Ex-Rebels and Wallaby backrower Sean McMahon seems determined to see through his decision to leave Australian Rugby, with the star loose forward turning down multiple offers to play Super Rugby in Australia in favour of joining the Japanese-based Sunwolves franchise.
According to a report by Rugby.com.au, the 24-year-old turned his back on offers from the Reds, Rebels, and the Force before making his decision.
Looks like we’ll see Sean McMahon back in Australia next season!
In Sunwolves colours…
— NRC Australia (@NRC_Australia) November 28, 2018
Cannot understand this decision from Sean McMahon. The @qantaswallabies are in crisis and need all their best players to band together for the World Cup next year. McMahon is absolutely one of our best.
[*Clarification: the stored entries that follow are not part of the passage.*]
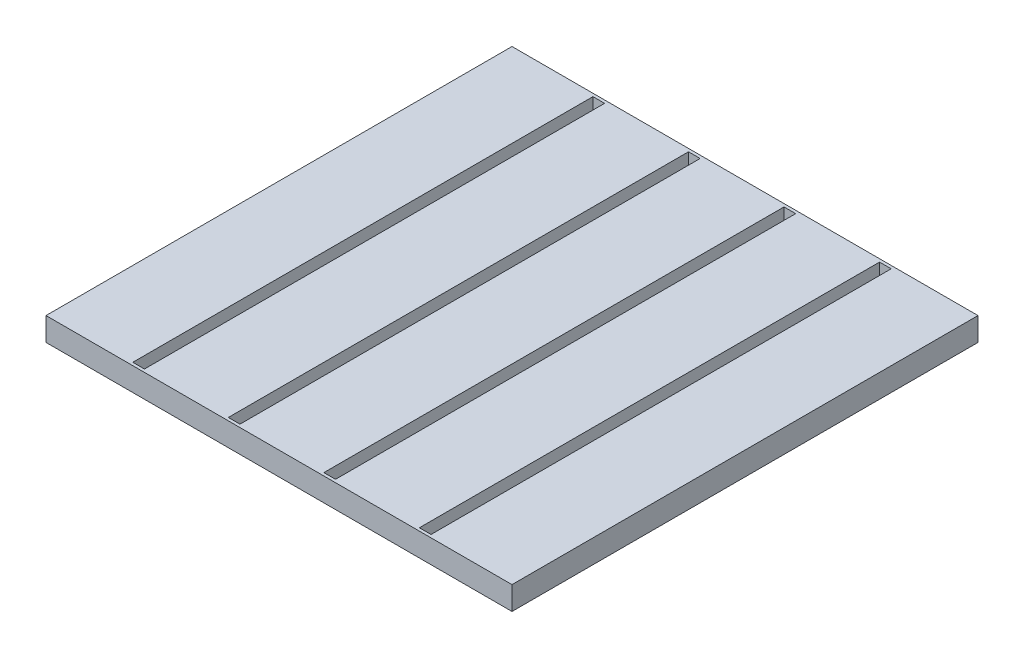
ISO-10303-21;
HEADER;
FILE_DESCRIPTION(('STEP AP214'),'2;1');
FILE_NAME('part.step','',(''),(''),'','','');
FILE_SCHEMA(('AUTOMOTIVE_DESIGN { 1 0 10303 214 1 1 1 1 }'));
ENDSEC;
DATA;
#1=APPLICATION_CONTEXT('core data for automotive mechanical design processes');
#2=APPLICATION_PROTOCOL_DEFINITION('international standard','automotive_design',2000,#1);
#3=PRODUCT_CONTEXT('',#1,'mechanical');
#4=PRODUCT('Part','Part','',(#3));
#5=PRODUCT_RELATED_PRODUCT_CATEGORY('part','',(#4));
#6=PRODUCT_DEFINITION_FORMATION('','',#4);
#7=PRODUCT_DEFINITION_CONTEXT('part definition',#1,'design');
#8=PRODUCT_DEFINITION('design','',#6,#7);
#9=PRODUCT_DEFINITION_SHAPE('','',#8);
#10=(LENGTH_UNIT() NAMED_UNIT(*) SI_UNIT(.MILLI.,.METRE.));
#11=(NAMED_UNIT(*) PLANE_ANGLE_UNIT() SI_UNIT($,.RADIAN.));
#12=(NAMED_UNIT(*) SI_UNIT($,.STERADIAN.) SOLID_ANGLE_UNIT());
#13=UNCERTAINTY_MEASURE_WITH_UNIT(LENGTH_MEASURE(1.E-05),#10,'distance_accuracy_value','');
#14=(GEOMETRIC_REPRESENTATION_CONTEXT(3) GLOBAL_UNCERTAINTY_ASSIGNED_CONTEXT((#13)) GLOBAL_UNIT_ASSIGNED_CONTEXT((#10,
#11,#12)) REPRESENTATION_CONTEXT('',''));
#15=CARTESIAN_POINT('',(0.,0.,0.));
#16=DIRECTION('',(0.,0.,1.));
#17=DIRECTION('',(1.,0.,0.));
#18=AXIS2_PLACEMENT_3D('',#15,#16,#17);
#19=CARTESIAN_POINT('',(0.,2.,0.));
#20=DIRECTION('',(0.,1.,0.));
#21=DIRECTION('',(0.,0.,1.));
#22=AXIS2_PLACEMENT_3D('',#19,#20,#21);
#23=PLANE('',#22);
#24=DIRECTION('',(0.,0.,1.));
#25=VECTOR('',#24,1.);
#26=CARTESIAN_POINT('',(0.,2.,0.));
#27=LINE('',#26,#25);
#28=CARTESIAN_POINT('',(0.,2.,0.));
#29=VERTEX_POINT('',#28);
#30=CARTESIAN_POINT('',(0.,2.,40.));
#31=VERTEX_POINT('',#30);
#32=EDGE_CURVE('E361',#29,#31,#27,.T.);
#33=ORIENTED_EDGE('',*,*,#32,.T.);
#34=DIRECTION('',(1.,0.,0.));
#35=VECTOR('',#34,1.);
#36=CARTESIAN_POINT('',(0.,2.,40.));
#37=LINE('',#36,#35);
#38=CARTESIAN_POINT('',(40.,2.,40.));
#39=VERTEX_POINT('',#38);
#40=EDGE_CURVE('E365',#31,#39,#37,.T.);
#41=ORIENTED_EDGE('',*,*,#40,.T.);
#42=DIRECTION('',(0.,0.,-1.));
#43=VECTOR('',#42,1.);
#44=CARTESIAN_POINT('',(40.,2.,0.));
#45=LINE('',#44,#43);
#46=CARTESIAN_POINT('',(40.,2.,0.));
#47=VERTEX_POINT('',#46);
#48=EDGE_CURVE('E369',#39,#47,#45,.T.);
#49=ORIENTED_EDGE('',*,*,#48,.T.);
#50=DIRECTION('',(-1.,0.,0.));
#51=VECTOR('',#50,1.);
#52=CARTESIAN_POINT('',(0.,2.,0.));
#53=LINE('',#52,#51);
#54=EDGE_CURVE('E372',#47,#29,#53,.T.);
#55=ORIENTED_EDGE('',*,*,#54,.T.);
#56=EDGE_LOOP('',(#33,#41,#49,#55));
#57=FACE_BOUND('',#56,.T.);
#58=DIRECTION('',(0.,0.,1.));
#59=VECTOR('',#58,1.);
#60=CARTESIAN_POINT('',(31.8,2.,0.25));
#61=LINE('',#60,#59);
#62=CARTESIAN_POINT('',(31.8,2.,0.25));
#63=VERTEX_POINT('',#62);
#64=CARTESIAN_POINT('',(31.8,2.,39.75));
#65=VERTEX_POINT('',#64);
#66=EDGE_CURVE('E333',#63,#65,#61,.T.);
#67=ORIENTED_EDGE('',*,*,#66,.F.);
#68=DIRECTION('',(1.,0.,0.));
#69=VECTOR('',#68,1.);
#70=CARTESIAN_POINT('',(31.8,2.,0.25));
#71=LINE('',#70,#69);
#72=CARTESIAN_POINT('',(32.8,2.,0.25));
#73=VERTEX_POINT('',#72);
#74=EDGE_CURVE('E279',#63,#73,#71,.T.);
#75=ORIENTED_EDGE('',*,*,#74,.T.);
#76=DIRECTION('',(0.,0.,1.));
#77=VECTOR('',#76,1.);
#78=CARTESIAN_POINT('',(32.8,2.,0.25));
#79=LINE('',#78,#77);
#80=CARTESIAN_POINT('',(32.8,2.,39.75));
#81=VERTEX_POINT('',#80);
#82=EDGE_CURVE('E342',#73,#81,#79,.T.);
#83=ORIENTED_EDGE('',*,*,#82,.T.);
#84=DIRECTION('',(1.,0.,0.));
#85=VECTOR('',#84,1.);
#86=CARTESIAN_POINT('',(31.8,2.,39.75));
#87=LINE('',#86,#85);
#88=EDGE_CURVE('E337',#65,#81,#87,.T.);
#89=ORIENTED_EDGE('',*,*,#88,.F.);
#90=EDGE_LOOP('',(#67,#75,#83,#89));
#91=FACE_BOUND('',#90,.T.);
#92=DIRECTION('',(0.,0.,1.));
#93=VECTOR('',#92,1.);
#94=CARTESIAN_POINT('',(23.6,2.,0.25));
#95=LINE('',#94,#93);
#96=CARTESIAN_POINT('',(23.6,2.,0.25));
#97=VERTEX_POINT('',#96);
#98=CARTESIAN_POINT('',(23.6,2.,39.75));
#99=VERTEX_POINT('',#98);
#100=EDGE_CURVE('E290',#97,#99,#95,.T.);
#101=ORIENTED_EDGE('',*,*,#100,.F.);
#102=DIRECTION('',(1.,0.,0.));
#103=VECTOR('',#102,1.);
#104=CARTESIAN_POINT('',(23.6,2.,0.25));
#105=LINE('',#104,#103);
#106=CARTESIAN_POINT('',(24.6,2.,0.25));
#107=VERTEX_POINT('',#106);
#108=EDGE_CURVE('E237',#97,#107,#105,.T.);
#109=ORIENTED_EDGE('',*,*,#108,.T.);
#110=DIRECTION('',(0.,0.,1.));
#111=VECTOR('',#110,1.);
#112=CARTESIAN_POINT('',(24.6,2.,0.25));
#113=LINE('',#112,#111);
#114=CARTESIAN_POINT('',(24.6,2.,39.75));
#115=VERTEX_POINT('',#114);
#116=EDGE_CURVE('E299',#107,#115,#113,.T.);
#117=ORIENTED_EDGE('',*,*,#116,.T.);
#118=DIRECTION('',(1.,0.,0.));
#119=VECTOR('',#118,1.);
#120=CARTESIAN_POINT('',(23.6,2.,39.75));
#121=LINE('',#120,#119);
#122=EDGE_CURVE('E294',#99,#115,#121,.T.);
#123=ORIENTED_EDGE('',*,*,#122,.F.);
#124=EDGE_LOOP('',(#101,#109,#117,#123));
#125=FACE_BOUND('',#124,.T.);
#126=DIRECTION('',(0.,0.,1.));
#127=VECTOR('',#126,1.);
#128=CARTESIAN_POINT('',(15.4,2.,0.25));
#129=LINE('',#128,#127);
#130=CARTESIAN_POINT('',(15.4,2.,0.25));
#131=VERTEX_POINT('',#130);
#132=CARTESIAN_POINT('',(15.4,2.,39.75));
#133=VERTEX_POINT('',#132);
#134=EDGE_CURVE('E247',#131,#133,#129,.T.);
#135=ORIENTED_EDGE('',*,*,#134,.F.);
#136=DIRECTION('',(1.,0.,0.));
#137=VECTOR('',#136,1.);
#138=CARTESIAN_POINT('',(15.4,2.,0.25));
#139=LINE('',#138,#137);
#140=CARTESIAN_POINT('',(16.4,2.,0.25));
#141=VERTEX_POINT('',#140);
#142=EDGE_CURVE('E67',#131,#141,#139,.T.);
#143=ORIENTED_EDGE('',*,*,#142,.T.);
#144=DIRECTION('',(0.,0.,1.));
#145=VECTOR('',#144,1.);
#146=CARTESIAN_POINT('',(16.4,2.,0.25));
#147=LINE('',#146,#145);
#148=CARTESIAN_POINT('',(16.4,2.,39.75));
#149=VERTEX_POINT('',#148);
#150=EDGE_CURVE('E256',#141,#149,#147,.T.);
#151=ORIENTED_EDGE('',*,*,#150,.T.);
#152=DIRECTION('',(1.,0.,0.));
#153=VECTOR('',#152,1.);
#154=CARTESIAN_POINT('',(15.4,2.,39.75));
#155=LINE('',#154,#153);
#156=EDGE_CURVE('E251',#133,#149,#155,.T.);
#157=ORIENTED_EDGE('',*,*,#156,.F.);
#158=EDGE_LOOP('',(#135,#143,#151,#157));
#159=FACE_BOUND('',#158,.T.);
#160=DIRECTION('',(1.,0.,0.));
#161=VECTOR('',#160,1.);
#162=CARTESIAN_POINT('',(0.,2.,0.25));
#163=LINE('',#162,#161);
#164=CARTESIAN_POINT('',(7.2,2.,0.25));
#165=VERTEX_POINT('',#164);
#166=CARTESIAN_POINT('',(8.2,2.,0.25));
#167=VERTEX_POINT('',#166);
#168=EDGE_CURVE('E218',#165,#167,#163,.T.);
#169=ORIENTED_EDGE('',*,*,#168,.T.);
#170=DIRECTION('',(0.,0.,1.));
#171=VECTOR('',#170,1.);
#172=CARTESIAN_POINT('',(8.2,2.,0.));
#173=LINE('',#172,#171);
#174=CARTESIAN_POINT('',(8.2,2.,39.75));
#175=VERTEX_POINT('',#174);
#176=EDGE_CURVE('E59',#167,#175,#173,.T.);
#177=ORIENTED_EDGE('',*,*,#176,.T.);
#178=DIRECTION('',(1.,0.,0.));
#179=VECTOR('',#178,1.);
#180=CARTESIAN_POINT('',(0.,2.,39.75));
#181=LINE('',#180,#179);
#182=CARTESIAN_POINT('',(7.2,2.,39.75));
#183=VERTEX_POINT('',#182);
#184=EDGE_CURVE('E205',#183,#175,#181,.T.);
#185=ORIENTED_EDGE('',*,*,#184,.F.);
#186=DIRECTION('',(0.,0.,1.));
#187=VECTOR('',#186,1.);
#188=CARTESIAN_POINT('',(7.2,2.,0.));
#189=LINE('',#188,#187);
#190=EDGE_CURVE('E209',#165,#183,#189,.T.);
#191=ORIENTED_EDGE('',*,*,#190,.F.);
#192=EDGE_LOOP('',(#169,#177,#185,#191));
#193=FACE_BOUND('',#192,.T.);
#194=ADVANCED_FACE('F43',(#57,#91,#125,#159,#193),#23,.T.);
#195=CARTESIAN_POINT('',(0.,0.,0.));
#196=DIRECTION('',(0.,1.,0.));
#197=DIRECTION('',(0.,0.,1.));
#198=AXIS2_PLACEMENT_3D('',#195,#196,#197);
#199=PLANE('',#198);
#200=DIRECTION('',(1.,0.,0.));
#201=VECTOR('',#200,1.);
#202=CARTESIAN_POINT('',(15.4,0.,0.25));
#203=LINE('',#202,#201);
#204=CARTESIAN_POINT('',(15.4,0.,0.25));
#205=VERTEX_POINT('',#204);
#206=CARTESIAN_POINT('',(16.4,0.,0.25));
#207=VERTEX_POINT('',#206);
#208=EDGE_CURVE('E252',#205,#207,#203,.T.);
#209=ORIENTED_EDGE('',*,*,#208,.F.);
#210=DIRECTION('',(0.,0.,1.));
#211=VECTOR('',#210,1.);
#212=CARTESIAN_POINT('',(15.4,0.,0.25));
#213=LINE('',#212,#211);
#214=CARTESIAN_POINT('',(15.4,0.,39.75));
#215=VERTEX_POINT('',#214);
#216=EDGE_CURVE('E246',#205,#215,#213,.T.);
#217=ORIENTED_EDGE('',*,*,#216,.T.);
#218=DIRECTION('',(1.,0.,0.));
#219=VECTOR('',#218,1.);
#220=CARTESIAN_POINT('',(15.4,0.,39.75));
#221=LINE('',#220,#219);
#222=CARTESIAN_POINT('',(16.4,0.,39.75));
#223=VERTEX_POINT('',#222);
#224=EDGE_CURVE('E265',#215,#223,#221,.T.);
#225=ORIENTED_EDGE('',*,*,#224,.T.);
#226=DIRECTION('',(0.,0.,1.));
#227=VECTOR('',#226,1.);
#228=CARTESIAN_POINT('',(16.4,0.,0.25));
#229=LINE('',#228,#227);
#230=EDGE_CURVE('E269',#207,#223,#229,.T.);
#231=ORIENTED_EDGE('',*,*,#230,.F.);
#232=EDGE_LOOP('',(#209,#217,#225,#231));
#233=FACE_BOUND('',#232,.T.);
#234=DIRECTION('',(1.,0.,0.));
#235=VECTOR('',#234,1.);
#236=CARTESIAN_POINT('',(31.8,0.,0.25));
#237=LINE('',#236,#235);
#238=CARTESIAN_POINT('',(31.8,0.,0.25));
#239=VERTEX_POINT('',#238);
#240=CARTESIAN_POINT('',(32.8,0.,0.25));
#241=VERTEX_POINT('',#240);
#242=EDGE_CURVE('E338',#239,#241,#237,.T.);
#243=ORIENTED_EDGE('',*,*,#242,.F.);
#244=DIRECTION('',(0.,0.,1.));
#245=VECTOR('',#244,1.);
#246=CARTESIAN_POINT('',(31.8,0.,0.25));
#247=LINE('',#246,#245);
#248=CARTESIAN_POINT('',(31.8,0.,39.75));
#249=VERTEX_POINT('',#248);
#250=EDGE_CURVE('E332',#239,#249,#247,.T.);
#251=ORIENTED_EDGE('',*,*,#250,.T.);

Just shows the problems go much deeper off the field #GoldBlooded https://t.co/ako49eHYva
— Joshua Small (@Joshua_107) November 28, 2018
Does Sean McMahon playing super rugby make him eligible for the Wallabies?
— Reg Roberts (@RugbyReg) November 28, 2018
At the time Michael Cheika made it publicly known that McMahon was a high priority for the Wallabies and Australian Rugby, ‘putting the ball’ in McMahon’s court.
“We’ve been really clear with Sean about what we’d like,” Cheika said.
“The ball is in his court.”
He signed with Suntory Sungoliath in the Japan Top League, abandoning his international career in favour of a Japanese rendezvous. He will now play against all the Australian Rugby franchises with the Sunwolves in the Australian conference, after joining them on a one-year deal.
In order to play for the Wallabies again, McMahon will need to sign with an Australian-based franchise to be available without being eligible for the 60-cap exemption threshold.
He could potentially sign on for the 2020 season and squeeze his way into late World Cup contention, in a similar fashion to how Leicester Tigers and future Melbourne Rebel Matt Toomua has played for the Wallabies before donning his new club’s jersey this year.
Earning a reported $800,000 per season in Japan, McMahon has little financial incentives to return home with Australian teams unable to fork out enough to put together an attractive package.
As a capped foreigner unable to play for the Japan national side, McMahon could have kept his body fresh for the domestic season, but instead will play a grueling Super Rugby season for little reward. Signing with the Sunwolves sends a significant message to Australian Rugby, with the JRFU backed-side possessing nowhere near the financial clout as the Japanese companies who run the Top League.